- _How to complete this task_:
Please keep to the lines below from the one with "#189=VERTEX_POINT('',#188);" through the one with "#204=DIRECTION('',(1.,0.,0.));", and restate them word for word, ends included.

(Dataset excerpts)
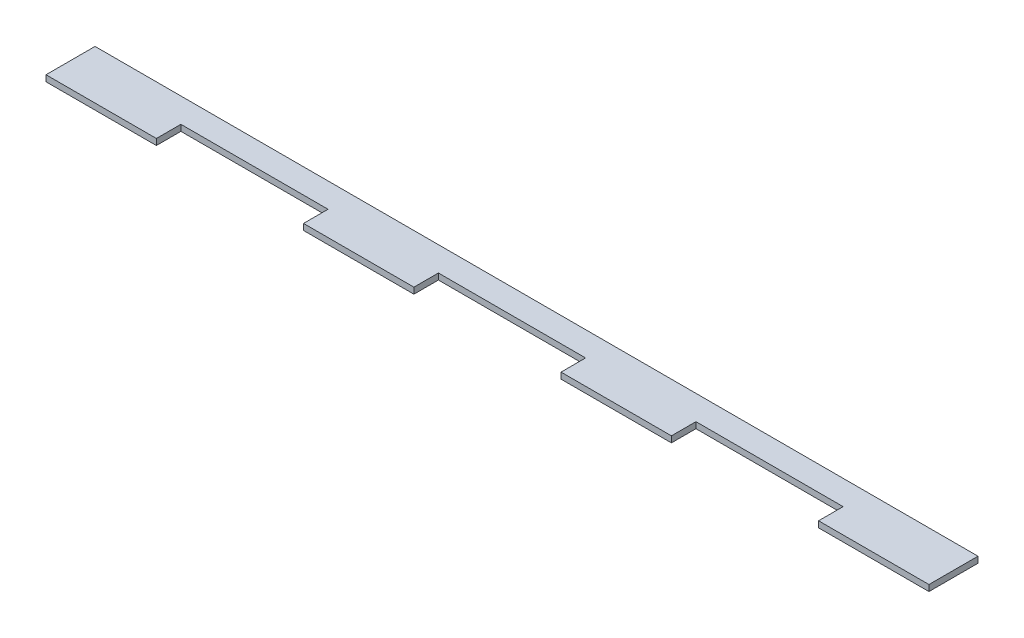
ISO-10303-21;
HEADER;
FILE_DESCRIPTION(('STEP AP214'),'2;1');
FILE_NAME('part.step','',(''),(''),'','','');
FILE_SCHEMA(('AUTOMOTIVE_DESIGN { 1 0 10303 214 1 1 1 1 }'));
ENDSEC;
DATA;
#1=APPLICATION_CONTEXT('core data for automotive mechanical design processes');
#2=APPLICATION_PROTOCOL_DEFINITION('international standard','automotive_design',2000,#1);
#3=PRODUCT_CONTEXT('',#1,'mechanical');
#4=PRODUCT('Part','Part','',(#3));
#5=PRODUCT_RELATED_PRODUCT_CATEGORY('part','',(#4));
#6=PRODUCT_DEFINITION_FORMATION('','',#4);
#7=PRODUCT_DEFINITION_CONTEXT('part definition',#1,'design');
#8=PRODUCT_DEFINITION('design','',#6,#7);
#9=PRODUCT_DEFINITION_SHAPE('','',#8);
#10=(LENGTH_UNIT() NAMED_UNIT(*) SI_UNIT(.MILLI.,.METRE.));
#11=(NAMED_UNIT(*) PLANE_ANGLE_UNIT() SI_UNIT($,.RADIAN.));
#12=(NAMED_UNIT(*) SI_UNIT($,.STERADIAN.) SOLID_ANGLE_UNIT());
#13=UNCERTAINTY_MEASURE_WITH_UNIT(LENGTH_MEASURE(1.E-05),#10,'distance_accuracy_value','');
#14=(GEOMETRIC_REPRESENTATION_CONTEXT(3) GLOBAL_UNCERTAINTY_ASSIGNED_CONTEXT((#13)) GLOBAL_UNIT_ASSIGNED_CONTEXT((#10,
#11,#12)) REPRESENTATION_CONTEXT('',''));
#15=CARTESIAN_POINT('',(0.,0.,0.));
#16=DIRECTION('',(0.,0.,1.));
#17=DIRECTION('',(1.,0.,0.));
#18=AXIS2_PLACEMENT_3D('',#15,#16,#17);
#19=CARTESIAN_POINT('',(-39.5347936844725,12.7,33.6916009072077));
#20=DIRECTION('',(0.,0.,-1.));
#21=DIRECTION('',(-1.,0.,0.));
#22=AXIS2_PLACEMENT_3D('',#19,#20,#21);
#23=PLANE('',#22);
#24=DIRECTION('',(1.,0.,0.));
#25=VECTOR('',#24,1.);
#26=CARTESIAN_POINT('',(-39.5347936844725,0.,33.6916009072077));
#27=LINE('',#26,#25);
#28=CARTESIAN_POINT('',(-39.5347936844725,0.,33.6916009072077));
#29=VERTEX_POINT('',#28);
#30=CARTESIAN_POINT('',(189.065206315528,0.,33.6916009072077));
#31=VERTEX_POINT('',#30);
#32=EDGE_CURVE('E173',#29,#31,#27,.T.);
#33=ORIENTED_EDGE('',*,*,#32,.T.);
#34=DIRECTION('',(0.,1.,0.));
#35=VECTOR('',#34,1.);
#36=CARTESIAN_POINT('',(189.065206315528,0.,33.6916009072077));
#37=LINE('',#36,#35);
#38=CARTESIAN_POINT('',(189.065206315528,12.7,33.6916009072077));
#39=VERTEX_POINT('',#38);
#40=EDGE_CURVE('E292',#31,#39,#37,.T.);
#41=ORIENTED_EDGE('',*,*,#40,.T.);
#42=DIRECTION('',(1.,0.,0.));
#43=VECTOR('',#42,1.);
#44=CARTESIAN_POINT('',(-39.5347936844725,12.7,33.6916009072077));
#45=LINE('',#44,#43);
#46=CARTESIAN_POINT('',(-39.5347936844725,12.7,33.6916009072077));
#47=VERTEX_POINT('',#46);
#48=EDGE_CURVE('E223',#47,#39,#45,.T.);
#49=ORIENTED_EDGE('',*,*,#48,.F.);
#50=DIRECTION('',(0.,-1.,0.));
#51=VECTOR('',#50,1.);
#52=CARTESIAN_POINT('',(-39.5347936844725,12.7,33.6916009072077));
#53=LINE('',#52,#51);
#54=EDGE_CURVE('E11',#47,#29,#53,.T.);
#55=ORIENTED_EDGE('',*,*,#54,.T.);
#56=EDGE_LOOP('',(#33,#41,#49,#55));
#57=FACE_BOUND('',#56,.T.);
#58=ADVANCED_FACE('F35',(#57),#23,.F.);
#59=CARTESIAN_POINT('',(1027.26520631553,0.,33.6916009072077));
#60=VERTEX_POINT('',#59);
#61=CARTESIAN_POINT('',(1255.86520631553,0.,33.6916009072077));
#62=VERTEX_POINT('',#61);
#63=EDGE_CURVE('E174',#60,#62,#27,.T.);
#64=ORIENTED_EDGE('',*,*,#63,.T.);
#65=DIRECTION('',(0.,1.,0.));
#66=VECTOR('',#65,1.);
#67=CARTESIAN_POINT('',(1255.86520631553,0.,33.6916009072077));
#68=LINE('',#67,#66);
#69=CARTESIAN_POINT('',(1255.86520631553,12.7,33.6916009072077));
#70=VERTEX_POINT('',#69);
#71=EDGE_CURVE('E280',#62,#70,#68,.T.);
#72=ORIENTED_EDGE('',*,*,#71,.T.);
#73=CARTESIAN_POINT('',(1027.26520631553,12.7,33.6916009072077));
#74=VERTEX_POINT('',#73);
#75=EDGE_CURVE('E221',#74,#70,#45,.T.);
#76=ORIENTED_EDGE('',*,*,#75,.F.);
#77=DIRECTION('',(0.,1.,0.));
#78=VECTOR('',#77,1.);
#79=CARTESIAN_POINT('',(1027.26520631553,0.,33.6916009072077));
#80=LINE('',#79,#78);
#81=EDGE_CURVE('E225',#60,#74,#80,.T.);
#82=ORIENTED_EDGE('',*,*,#81,.F.);
#83=EDGE_LOOP('',(#64,#72,#76,#82));
#84=FACE_BOUND('',#83,.T.);
#85=ADVANCED_FACE('F279',(#84),#23,.F.);
#86=CARTESIAN_POINT('',(493.865206315527,12.7,33.6916009072077));
#87=VERTEX_POINT('',#86);
#88=CARTESIAN_POINT('',(722.465206315528,12.7,33.6916009072077));
#89=VERTEX_POINT('',#88);
#90=EDGE_CURVE('E165',#87,#89,#45,.T.);
#91=ORIENTED_EDGE('',*,*,#90,.F.);
#92=DIRECTION('',(0.,1.,0.));
#93=VECTOR('',#92,1.);
#94=CARTESIAN_POINT('',(493.865206315527,0.,33.6916009072077));
#95=LINE('',#94,#93);
#96=CARTESIAN_POINT('',(493.865206315527,0.,33.6916009072077));
#97=VERTEX_POINT('',#96);
#98=EDGE_CURVE('E151',#97,#87,#95,.T.);
#99=ORIENTED_EDGE('',*,*,#98,.F.);
#100=CARTESIAN_POINT('',(722.465206315528,0.,33.6916009072077));
#101=VERTEX_POINT('',#100);
#102=EDGE_CURVE('E163',#97,#101,#27,.T.);
#103=ORIENTED_EDGE('',*,*,#102,.T.);
#104=DIRECTION('',(0.,1.,0.));
#105=VECTOR('',#104,1.);
#106=CARTESIAN_POINT('',(722.465206315528,0.,33.6916009072077));
#107=LINE('',#106,#105);
#108=EDGE_CURVE('E261',#101,#89,#107,.T.);
#109=ORIENTED_EDGE('',*,*,#108,.T.);
#110=EDGE_LOOP('',(#91,#99,#103,#109));
#111=FACE_BOUND('',#110,.T.);
#112=ADVANCED_FACE('F161',(#111),#23,.F.);
#113=CARTESIAN_POINT('',(-39.5347936844725,12.7,-67.9083990927923));
#114=DIRECTION('',(1.,0.,0.));
#115=DIRECTION('',(0.,0.,-1.));
#116=AXIS2_PLACEMENT_3D('',#113,#114,#115);
#117=PLANE('',#116);
#118=DIRECTION('',(0.,0.,1.));
#119=VECTOR('',#118,1.);
#120=CARTESIAN_POINT('',(-39.5347936844725,0.,-67.9083990927923));
#121=LINE('',#120,#119);
#122=CARTESIAN_POINT('',(-39.5347936844725,0.,-67.9083990927923));
#123=VERTEX_POINT('',#122);
#124=EDGE_CURVE('E182',#123,#29,#121,.T.);
#125=ORIENTED_EDGE('',*,*,#124,.T.);
#126=ORIENTED_EDGE('',*,*,#54,.F.);
#127=DIRECTION('',(0.,0.,1.));
#128=VECTOR('',#127,1.);
#129=CARTESIAN_POINT('',(-39.5347936844725,12.7,-67.9083990927923));
#130=LINE('',#129,#128);
#131=CARTESIAN_POINT('',(-39.5347936844725,12.7,-67.9083990927923));
#132=VERTEX_POINT('',#131);
#133=EDGE_CURVE('E187',#132,#47,#130,.T.);
#134=ORIENTED_EDGE('',*,*,#133,.F.);
#135=DIRECTION('',(0.,-1.,0.));
#136=VECTOR('',#135,1.);
#137=CARTESIAN_POINT('',(-39.5347936844725,12.7,-67.9083990927923));
#138=LINE('',#137,#136);
#139=EDGE_CURVE('E188',#132,#123,#138,.T.);
#140=ORIENTED_EDGE('',*,*,#139,.T.);
#141=EDGE_LOOP('',(#125,#126,#134,#140));
#142=FACE_BOUND('',#141,.T.);
#143=ADVANCED_FACE('F37',(#142),#117,.F.);
#144=CARTESIAN_POINT('',(1560.66520631553,12.7,33.6916009072077));
#145=VERTEX_POINT('',#144);
#146=CARTESIAN_POINT('',(1789.26520631553,12.7,33.6916009072077));
#147=VERTEX_POINT('',#146);
#148=EDGE_CURVE('E219',#145,#147,#45,.T.);
#149=ORIENTED_EDGE('',*,*,#148,.F.);
#150=DIRECTION('',(0.,1.,0.));
#151=VECTOR('',#150,1.);
#152=CARTESIAN_POINT('',(1560.66520631553,0.,33.6916009072077));
#153=LINE('',#152,#151);
#154=CARTESIAN_POINT('',(1560.66520631553,0.,33.6916009072077));
#155=VERTEX_POINT('',#154);
#156=EDGE_CURVE('E236',#155,#145,#153,.T.);
#157=ORIENTED_EDGE('',*,*,#156,.F.);
#158=CARTESIAN_POINT('',(1789.26520631553,0.,33.6916009072077));
#159=VERTEX_POINT('',#158);
#160=EDGE_CURVE('E178',#155,#159,#27,.T.);
#161=ORIENTED_EDGE('',*,*,#160,.T.);
#162=DIRECTION('',(0.,-1.,0.));
#163=VECTOR('',#162,1.);
#164=CARTESIAN_POINT('',(1789.26520631553,12.7,33.6916009072077));
#165=LINE('',#164,#163);
#166=EDGE_CURVE('E43',#147,#159,#165,.T.);
#167=ORIENTED_EDGE('',*,*,#166,.F.);
#168=EDGE_LOOP('',(#149,#157,#161,#167));
#169=FACE_BOUND('',#168,.T.);
#170=ADVANCED_FACE('F235',(#169),#23,.F.);
#171=CARTESIAN_POINT('',(1789.26520631553,12.7,-67.9083990927923));
#172=DIRECTION('',(-1.,0.,0.));
#173=DIRECTION('',(0.,0.,1.));
#174=AXIS2_PLACEMENT_3D('',#171,#172,#173);
#175=PLANE('',#174);
#176=DIRECTION('',(0.,0.,-1.));
#177=VECTOR('',#176,1.);
#178=CARTESIAN_POINT('',(1789.26520631553,0.,-67.9083990927923));
#179=LINE('',#178,#177);
#180=CARTESIAN_POINT('',(1789.26520631553,0.,-67.9083990927923));
#181=VERTEX_POINT('',#180);
#182=EDGE_CURVE('E177',#159,#181,#179,.T.);
#183=ORIENTED_EDGE('',*,*,#182,.T.);
#184=DIRECTION('',(0.,-1.,0.));
#185=VECTOR('',#184,1.);
#186=CARTESIAN_POINT('',(1789.26520631553,12.7,-67.9083990927923));
#187=LINE('',#186,#185);
#188=CARTESIAN_POINT('',(1789.26520631553,12.7,-67.9083990927923));
#189=VERTEX_POINT('',#188);
#190=EDGE_CURVE('E191',#189,#181,#187,.T.);
#191=ORIENTED_EDGE('',*,*,#190,.F.);
#192=DIRECTION('',(0.,0.,-1.));
#193=VECTOR('',#192,1.);
#194=CARTESIAN_POINT('',(1789.26520631553,12.7,-67.9083990927923));
#195=LINE('',#194,#193);
#196=EDGE_CURVE('E201',#147,#189,#195,.T.);
#197=ORIENTED_EDGE('',*,*,#196,.F.);
#198=ORIENTED_EDGE('',*,*,#166,.T.);
#199=EDGE_LOOP('',(#183,#191,#197,#198));
#200=FACE_BOUND('',#199,.T.);
#201=ADVANCED_FACE('F199',(#200),#175,.F.);
#202=CARTESIAN_POINT('',(-39.5347936844725,12.7,-67.9083990927923));
#203=DIRECTION('',(0.,0.,1.));
#204=DIRECTION('',(1.,0.,0.));
#205=AXIS2_PLACEMENT_3D('',#202,#203,#204);
#206=PLANE('',#205);
#207=DIRECTION('',(-1.,0.,0.));
#208=VECTOR('',#207,1.);
#209=CARTESIAN_POINT('',(-39.5347936844725,0.,-67.9083990927923));
#210=LINE('',#209,#208);
#211=EDGE_CURVE('E185',#181,#123,#210,.T.);
#212=ORIENTED_EDGE('',*,*,#211,.T.);
#213=ORIENTED_EDGE('',*,*,#139,.F.);
#214=DIRECTION('',(-1.,0.,0.));
#215=VECTOR('',#214,1.);
#216=CARTESIAN_POINT('',(-39.5347936844725,12.7,-67.9083990927923));
#217=LINE('',#216,#215);
#218=EDGE_CURVE('E192',#189,#132,#217,.T.);
#219=ORIENTED_EDGE('',*,*,#218,.F.);
#220=ORIENTED_EDGE('',*,*,#190,.T.);
#221=EDGE_LOOP('',(#212,#213,#219,#220));
#222=FACE_BOUND('',#221,.T.);
#223=ADVANCED_FACE('F211',(#222),#206,.F.);
#224=CARTESIAN_POINT('',(0.,12.7,0.));
#225=DIRECTION('',(0.,1.,0.));
#226=DIRECTION('',(0.,0.,1.));
#227=AXIS2_PLACEMENT_3D('',#224,#225,#226);
#228=PLANE('',#227);
#229=DIRECTION('',(0.,0.,1.));
#230=VECTOR('',#229,1.);
#231=CARTESIAN_POINT('',(189.065206315528,12.7,33.6916009072077));
#232=LINE('',#231,#230);
#233=CARTESIAN_POINT('',(189.065206315528,12.7,-17.1083990927923));
#234=VERTEX_POINT('',#233);
#235=EDGE_CURVE('E156',#234,#39,#232,.T.);
#236=ORIENTED_EDGE('',*,*,#235,.F.);
#237=DIRECTION('',(-1.,0.,0.));
#238=VECTOR('',#237,1.);
#239=CARTESIAN_POINT('',(189.065206315528,12.7,-17.1083990927923));
#240=LINE('',#239,#238);
#241=CARTESIAN_POINT('',(493.865206315527,12.7,-17.1083990927923));
#242=VERTEX_POINT('',#241);
#243=EDGE_CURVE('E284',#242,#234,#240,.T.);
#244=ORIENTED_EDGE('',*,*,#243,.F.);
#245=DIRECTION('',(0.,0.,-1.));
#246=VECTOR('',#245,1.);
#247=CARTESIAN_POINT('',(493.865206315527,12.7,-17.1083990927923));
#248=LINE('',#247,#246);
#249=EDGE_CURVE('E282',#87,#242,#248,.T.);
#250=ORIENTED_EDGE('',*,*,#249,.F.);
#251=ORIENTED_EDGE('',*,*,#90,.T.);
#252=DIRECTION('',(0.,0.,1.));
#253=VECTOR('',#252,1.);
#254=CARTESIAN_POINT('',(722.465206315528,12.7,33.6916009072077));
#255=LINE('',#254,#253);
#256=CARTESIAN_POINT('',(722.465206315528,12.7,-17.1083990927923));
#257=VERTEX_POINT('',#256);
#258=EDGE_CURVE('E251',#257,#89,#255,.T.);
#259=ORIENTED_EDGE('',*,*,#258,.F.);
#260=DIRECTION('',(-1.,0.,0.));
#261=VECTOR('',#260,1.);
#262=CARTESIAN_POINT('',(722.465206315528,12.7,-17.1083990927923));
#263=LINE('',#262,#261);
#264=CARTESIAN_POINT('',(1027.26520631553,12.7,-17.1083990927923));
#265=VERTEX_POINT('',#264);
#266=EDGE_CURVE('E257',#265,#257,#263,.T.);
#267=ORIENTED_EDGE('',*,*,#266,.F.);
#268=DIRECTION('',(0.,0.,-1.));
#269=VECTOR('',#268,1.);
#270=CARTESIAN_POINT('',(1027.26520631553,12.7,-17.1083990927923));
#271=LINE('',#270,#269);
#272=EDGE_CURVE('E254',#74,#265,#271,.T.);
#273=ORIENTED_EDGE('',*,*,#272,.F.);
#274=ORIENTED_EDGE('',*,*,#75,.T.);
#275=DIRECTION('',(0.,0.,1.));
#276=VECTOR('',#275,1.);
#277=CARTESIAN_POINT('',(1255.86520631553,12.7,33.6916009072077));
#278=LINE('',#277,#276);
#279=CARTESIAN_POINT('',(1255.86520631553,12.7,-17.1083990927923));
#280=VERTEX_POINT('',#279);
#281=EDGE_CURVE('E300',#280,#70,#278,.T.);
#282=ORIENTED_EDGE('',*,*,#281,.F.);
#283=DIRECTION('',(-1.,0.,0.));
#284=VECTOR('',#283,1.);
#285=CARTESIAN_POINT('',(1255.86520631553,12.7,-17.1083990927923));
#286=LINE('',#285,#284);
#287=CARTESIAN_POINT('',(1560.66520631553,12.7,-17.1083990927923));
#288=VERTEX_POINT('',#287);
#289=EDGE_CURVE('E303',#288,#280,#286,.T.);
#290=ORIENTED_EDGE('',*,*,#289,.F.);
#291=DIRECTION('',(0.,0.,-1.));
#292=VECTOR('',#291,1.);
#293=CARTESIAN_POINT('',(1560.66520631553,12.7,-17.1083990927923));
#294=LINE('',#293,#292);
#295=EDGE_CURVE('E233',#145,#288,#294,.T.);
#296=ORIENTED_EDGE('',*,*,#295,.F.);
#297=ORIENTED_EDGE('',*,*,#148,.T.);
#298=ORIENTED_EDGE('',*,*,#196,.T.);
#299=ORIENTED_EDGE('',*,*,#218,.T.);
#300=ORIENTED_EDGE('',*,*,#133,.T.);
#301=ORIENTED_EDGE('',*,*,#48,.T.);
#302=EDGE_LOOP('',(#236,#244,#250,#251,#259,#267,#273,#274,#282,#290,#296,#297,#298,#299,#300,#301));
#303=FACE_BOUND('',#302,.T.);
#304=ADVANCED_FACE('F229',(#303),#228,.T.);
#305=CARTESIAN_POINT('',(0.,0.,0.));
#306=DIRECTION('',(0.,1.,0.));
#307=DIRECTION('',(0.,0.,1.));
#308=AXIS2_PLACEMENT_3D('',#305,#306,#307);
#309=PLANE('',#308);
#310=DIRECTION('',(-1.,0.,0.));
#311=VECTOR('',#310,1.);
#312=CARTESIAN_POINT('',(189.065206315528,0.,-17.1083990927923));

- _Answer area_:
#189=VERTEX_POINT('',#188);
#190=EDGE_CURVE('E191',#189,#181,#187,.T.);
#191=ORIENTED_EDGE('',*,*,#190,.F.);
#192=DIRECTION('',(0.,0.,-1.));
#193=VECTOR('',#192,1.);
#194=CARTESIAN_POINT('',(1789.26520631553,12.7,-67.9083990927923));
#195=LINE('',#194,#193);
#196=EDGE_CURVE('E201',#147,#189,#195,.T.);
#197=ORIENTED_EDGE('',*,*,#196,.F.);
#198=ORIENTED_EDGE('',*,*,#166,.T.);
#199=EDGE_LOOP('',(#183,#191,#197,#198));
#200=FACE_BOUND('',#199,.T.);
#201=ADVANCED_FACE('F199',(#200),#175,.F.);
#202=CARTESIAN_POINT('',(-39.5347936844725,12.7,-67.9083990927923));
#203=DIRECTION('',(0.,0.,1.));
#204=DIRECTION('',(1.,0.,0.));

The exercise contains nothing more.